Excerpts from a dataset:

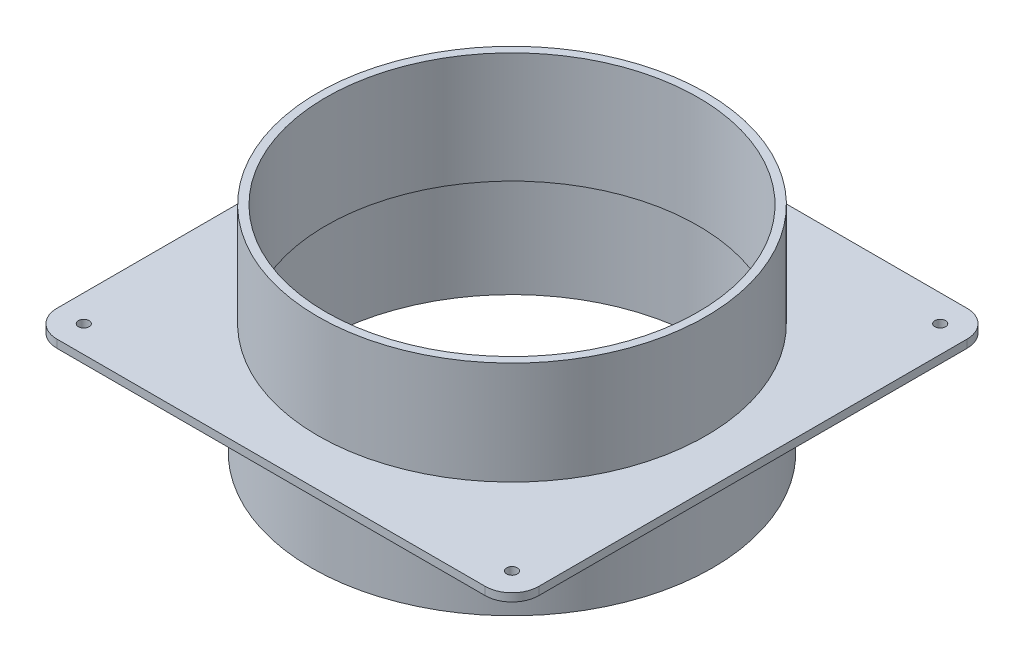
ISO-10303-21;
HEADER;
FILE_DESCRIPTION(('STEP AP214'),'2;1');
FILE_NAME('part.step','',(''),(''),'','','');
FILE_SCHEMA(('AUTOMOTIVE_DESIGN { 1 0 10303 214 1 1 1 1 }'));
ENDSEC;
DATA;
#1=APPLICATION_CONTEXT('core data for automotive mechanical design processes');
#2=APPLICATION_PROTOCOL_DEFINITION('international standard','automotive_design',2000,#1);
#3=PRODUCT_CONTEXT('',#1,'mechanical');
#4=PRODUCT('Part','Part','',(#3));
#5=PRODUCT_RELATED_PRODUCT_CATEGORY('part','',(#4));
#6=PRODUCT_DEFINITION_FORMATION('','',#4);
#7=PRODUCT_DEFINITION_CONTEXT('part definition',#1,'design');
#8=PRODUCT_DEFINITION('design','',#6,#7);
#9=PRODUCT_DEFINITION_SHAPE('','',#8);
#10=(LENGTH_UNIT() NAMED_UNIT(*) SI_UNIT(.MILLI.,.METRE.));
#11=(NAMED_UNIT(*) PLANE_ANGLE_UNIT() SI_UNIT($,.RADIAN.));
#12=(NAMED_UNIT(*) SI_UNIT($,.STERADIAN.) SOLID_ANGLE_UNIT());
#13=UNCERTAINTY_MEASURE_WITH_UNIT(LENGTH_MEASURE(1.E-05),#10,'distance_accuracy_value','');
#14=(GEOMETRIC_REPRESENTATION_CONTEXT(3) GLOBAL_UNCERTAINTY_ASSIGNED_CONTEXT((#13)) GLOBAL_UNIT_ASSIGNED_CONTEXT((#10,
#11,#12)) REPRESENTATION_CONTEXT('',''));
#15=CARTESIAN_POINT('',(0.,0.,0.));
#16=DIRECTION('',(0.,0.,1.));
#17=DIRECTION('',(1.,0.,0.));
#18=AXIS2_PLACEMENT_3D('',#15,#16,#17);
#19=CARTESIAN_POINT('',(0.,-40.,0.));
#20=DIRECTION('',(0.,1.,0.));
#21=DIRECTION('',(0.,0.,1.));
#22=AXIS2_PLACEMENT_3D('',#19,#20,#21);
#23=CYLINDRICAL_SURFACE('',#22,72.);
#24=CARTESIAN_POINT('',(0.,-40.,0.));
#25=DIRECTION('',(0.,1.,0.));
#26=DIRECTION('',(0.,0.,1.));
#27=AXIS2_PLACEMENT_3D('',#24,#25,#26);
#28=CIRCLE('',#27,72.);
#29=CARTESIAN_POINT('',(0.,-40.,72.));
#30=VERTEX_POINT('',#29);
#31=EDGE_CURVE('E19',#30,#30,#28,.F.);
#32=ORIENTED_EDGE('',*,*,#31,.T.);
#33=EDGE_LOOP('',(#32));
#34=FACE_BOUND('',#33,.T.);
#35=CARTESIAN_POINT('',(0.,-1.50000000000006,0.));
#36=DIRECTION('',(0.,1.,0.));
#37=DIRECTION('',(0.,0.,1.));
#38=AXIS2_PLACEMENT_3D('',#35,#36,#37);
#39=CIRCLE('',#38,72.);
#40=CARTESIAN_POINT('',(0.,-1.50000000000006,72.));
#41=VERTEX_POINT('',#40);
#42=EDGE_CURVE('E174',#41,#41,#39,.T.);
#43=ORIENTED_EDGE('',*,*,#42,.T.);
#44=EDGE_LOOP('',(#43));
#45=FACE_BOUND('',#44,.T.);
#46=ADVANCED_FACE('F16',(#34,#45),#23,.F.);
#47=CARTESIAN_POINT('',(0.,-40.,0.));
#48=DIRECTION('',(0.,1.,0.));
#49=DIRECTION('',(0.,0.,1.));
#50=AXIS2_PLACEMENT_3D('',#47,#48,#49);
#51=PLANE('',#50);
#52=CARTESIAN_POINT('',(0.,-40.,0.));
#53=DIRECTION('',(0.,1.,0.));
#54=DIRECTION('',(0.,0.,1.));
#55=AXIS2_PLACEMENT_3D('',#52,#53,#54);
#56=CIRCLE('',#55,75.);
#57=CARTESIAN_POINT('',(0.,-40.,75.));
#58=VERTEX_POINT('',#57);
#59=EDGE_CURVE('E172',#58,#58,#56,.T.);
#60=ORIENTED_EDGE('',*,*,#59,.F.);
#61=EDGE_LOOP('',(#60));
#62=FACE_BOUND('',#61,.T.);
#63=ORIENTED_EDGE('',*,*,#31,.F.);
#64=EDGE_LOOP('',(#63));
#65=FACE_BOUND('',#64,.T.);
#66=ADVANCED_FACE('F182',(#62,#65),#51,.F.);
#67=CARTESIAN_POINT('',(0.,-1.50000000000006,0.));
#68=DIRECTION('',(0.,1.,0.));
#69=DIRECTION('',(0.,0.,1.));
#70=AXIS2_PLACEMENT_3D('',#67,#68,#69);
#71=PLANE('',#70);
#72=ORIENTED_EDGE('',*,*,#42,.F.);
#73=EDGE_LOOP('',(#72));
#74=FACE_BOUND('',#73,.T.);
#75=CARTESIAN_POINT('',(0.,-1.50000000000006,0.));
#76=DIRECTION('',(0.,1.,0.));
#77=DIRECTION('',(0.,0.,1.));
#78=AXIS2_PLACEMENT_3D('',#75,#76,#77);
#79=CIRCLE('',#78,69.5);
#80=CARTESIAN_POINT('',(0.,-1.50000000000006,69.5));
#81=VERTEX_POINT('',#80);
#82=EDGE_CURVE('E169',#81,#81,#79,.T.);
#83=ORIENTED_EDGE('',*,*,#82,.T.);
#84=EDGE_LOOP('',(#83));
#85=FACE_BOUND('',#84,.T.);
#86=ADVANCED_FACE('F184',(#74,#85),#71,.F.);
#87=CARTESIAN_POINT('',(0.,-40.,0.));
#88=DIRECTION('',(0.,1.,0.));
#89=DIRECTION('',(0.,0.,1.));
#90=AXIS2_PLACEMENT_3D('',#87,#88,#89);
#91=CYLINDRICAL_SURFACE('',#90,75.);
#92=CARTESIAN_POINT('',(0.,-1.50000000000006,0.));
#93=DIRECTION('',(0.,1.,0.));
#94=DIRECTION('',(0.,0.,1.));
#95=AXIS2_PLACEMENT_3D('',#92,#93,#94);
#96=CIRCLE('',#95,75.);
#97=CARTESIAN_POINT('',(0.,-1.50000000000006,75.));
#98=VERTEX_POINT('',#97);
#99=EDGE_CURVE('E166',#98,#98,#96,.F.);
#100=ORIENTED_EDGE('',*,*,#99,.T.);
#101=EDGE_LOOP('',(#100));
#102=FACE_BOUND('',#101,.T.);
#103=ORIENTED_EDGE('',*,*,#59,.T.);
#104=EDGE_LOOP('',(#103));
#105=FACE_BOUND('',#104,.T.);
#106=ADVANCED_FACE('F191',(#102,#105),#91,.T.);
#107=CARTESIAN_POINT('',(0.,-1.50000000000006,0.));
#108=DIRECTION('',(0.,1.,0.));
#109=DIRECTION('',(0.,0.,1.));
#110=AXIS2_PLACEMENT_3D('',#107,#108,#109);
#111=CYLINDRICAL_SURFACE('',#110,69.5);
#112=CARTESIAN_POINT('',(0.,40.,0.));
#113=DIRECTION('',(0.,1.,0.));
#114=DIRECTION('',(0.,0.,1.));
#115=AXIS2_PLACEMENT_3D('',#112,#113,#114);
#116=CIRCLE('',#115,69.5);
#117=CARTESIAN_POINT('',(0.,40.,69.5));
#118=VERTEX_POINT('',#117);
#119=EDGE_CURVE('E91',#118,#118,#116,.F.);
#120=ORIENTED_EDGE('',*,*,#119,.F.);
#121=EDGE_LOOP('',(#120));
#122=FACE_BOUND('',#121,.T.);
#123=ORIENTED_EDGE('',*,*,#82,.F.);
#124=EDGE_LOOP('',(#123));
#125=FACE_BOUND('',#124,.T.);
#126=ADVANCED_FACE('F256',(#122,#125),#111,.F.);
#127=CARTESIAN_POINT('',(0.,-1.50000000000006,0.));
#128=DIRECTION('',(0.,1.,0.));
#129=DIRECTION('',(0.,0.,1.));
#130=AXIS2_PLACEMENT_3D('',#127,#128,#129);
#131=PLANE('',#130);
#132=DIRECTION('',(0.,0.,1.));
#133=VECTOR('',#132,1.);
#134=CARTESIAN_POINT('',(90.,-1.50000000000006,0.));
#135=LINE('',#134,#133);
#136=CARTESIAN_POINT('',(90.,-1.50000000000006,-80.));
#137=VERTEX_POINT('',#136);
#138=CARTESIAN_POINT('',(90.,-1.50000000000006,80.));
#139=VERTEX_POINT('',#138);
#140=EDGE_CURVE('E85',#137,#139,#135,.T.);
#141=ORIENTED_EDGE('',*,*,#140,.T.);
#142=CARTESIAN_POINT('',(80.,-1.50000000000006,80.));
#143=DIRECTION('',(0.,1.,0.));
#144=DIRECTION('',(0.,0.,1.));
#145=AXIS2_PLACEMENT_3D('',#142,#143,#144);
#146=CIRCLE('',#145,9.99999999999999);
#147=CARTESIAN_POINT('',(80.,-1.50000000000006,90.));
#148=VERTEX_POINT('',#147);
#149=EDGE_CURVE('E103',#148,#139,#146,.T.);
#150=ORIENTED_EDGE('',*,*,#149,.F.);
#151=DIRECTION('',(-1.,0.,0.));
#152=VECTOR('',#151,1.);
#153=CARTESIAN_POINT('',(0.,-1.50000000000006,90.));
#154=LINE('',#153,#152);
#155=CARTESIAN_POINT('',(-80.,-1.50000000000006,90.));
#156=VERTEX_POINT('',#155);
#157=EDGE_CURVE('E111',#148,#156,#154,.T.);
#158=ORIENTED_EDGE('',*,*,#157,.T.);
#159=CARTESIAN_POINT('',(-80.,-1.50000000000006,80.));
#160=DIRECTION('',(0.,1.,0.));
#161=DIRECTION('',(0.,0.,1.));
#162=AXIS2_PLACEMENT_3D('',#159,#160,#161);
#163=CIRCLE('',#162,9.99999999999999);
#164=CARTESIAN_POINT('',(-90.,-1.50000000000006,80.));
#165=VERTEX_POINT('',#164);
#166=EDGE_CURVE('E114',#165,#156,#163,.T.);
#167=ORIENTED_EDGE('',*,*,#166,.F.);
#168=DIRECTION('',(0.,0.,1.));
#169=VECTOR('',#168,1.);
#170=CARTESIAN_POINT('',(-90.,-1.50000000000006,0.));
#171=LINE('',#170,#169);
#172=CARTESIAN_POINT('',(-90.,-1.50000000000006,-79.9999999999999));
#173=VERTEX_POINT('',#172);
#174=EDGE_CURVE('E115',#173,#165,#171,.T.);
#175=ORIENTED_EDGE('',*,*,#174,.F.);
#176=CARTESIAN_POINT('',(-80.,-1.50000000000006,-80.));
#177=DIRECTION('',(0.,1.,0.));
#178=DIRECTION('',(0.,0.,1.));
#179=AXIS2_PLACEMENT_3D('',#176,#177,#178);
#180=CIRCLE('',#179,9.99999999999999);
#181=CARTESIAN_POINT('',(-80.,-1.50000000000006,-90.));
#182=VERTEX_POINT('',#181);
#183=EDGE_CURVE('E162',#182,#173,#180,.T.);
#184=ORIENTED_EDGE('',*,*,#183,.F.);
#185=DIRECTION('',(-1.,0.,0.));
#186=VECTOR('',#185,1.);
#187=CARTESIAN_POINT('',(0.,-1.50000000000006,-90.));
#188=LINE('',#187,#186);
#189=CARTESIAN_POINT('',(79.9999999999999,-1.50000000000006,-90.));
#190=VERTEX_POINT('',#189);
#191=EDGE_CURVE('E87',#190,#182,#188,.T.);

Activity: Extract from the data every line where "CIRCLE" shows up.

Your response:
#28=CIRCLE('',#27,72.);
#39=CIRCLE('',#38,72.);
#56=CIRCLE('',#55,75.);
#79=CIRCLE('',#78,69.5);
#96=CIRCLE('',#95,75.);
#116=CIRCLE('',#115,69.5);
#146=CIRCLE('',#145,9.99999999999999);
#163=CIRCLE('',#162,9.99999999999999);
#180=CIRCLE('',#179,9.99999999999999);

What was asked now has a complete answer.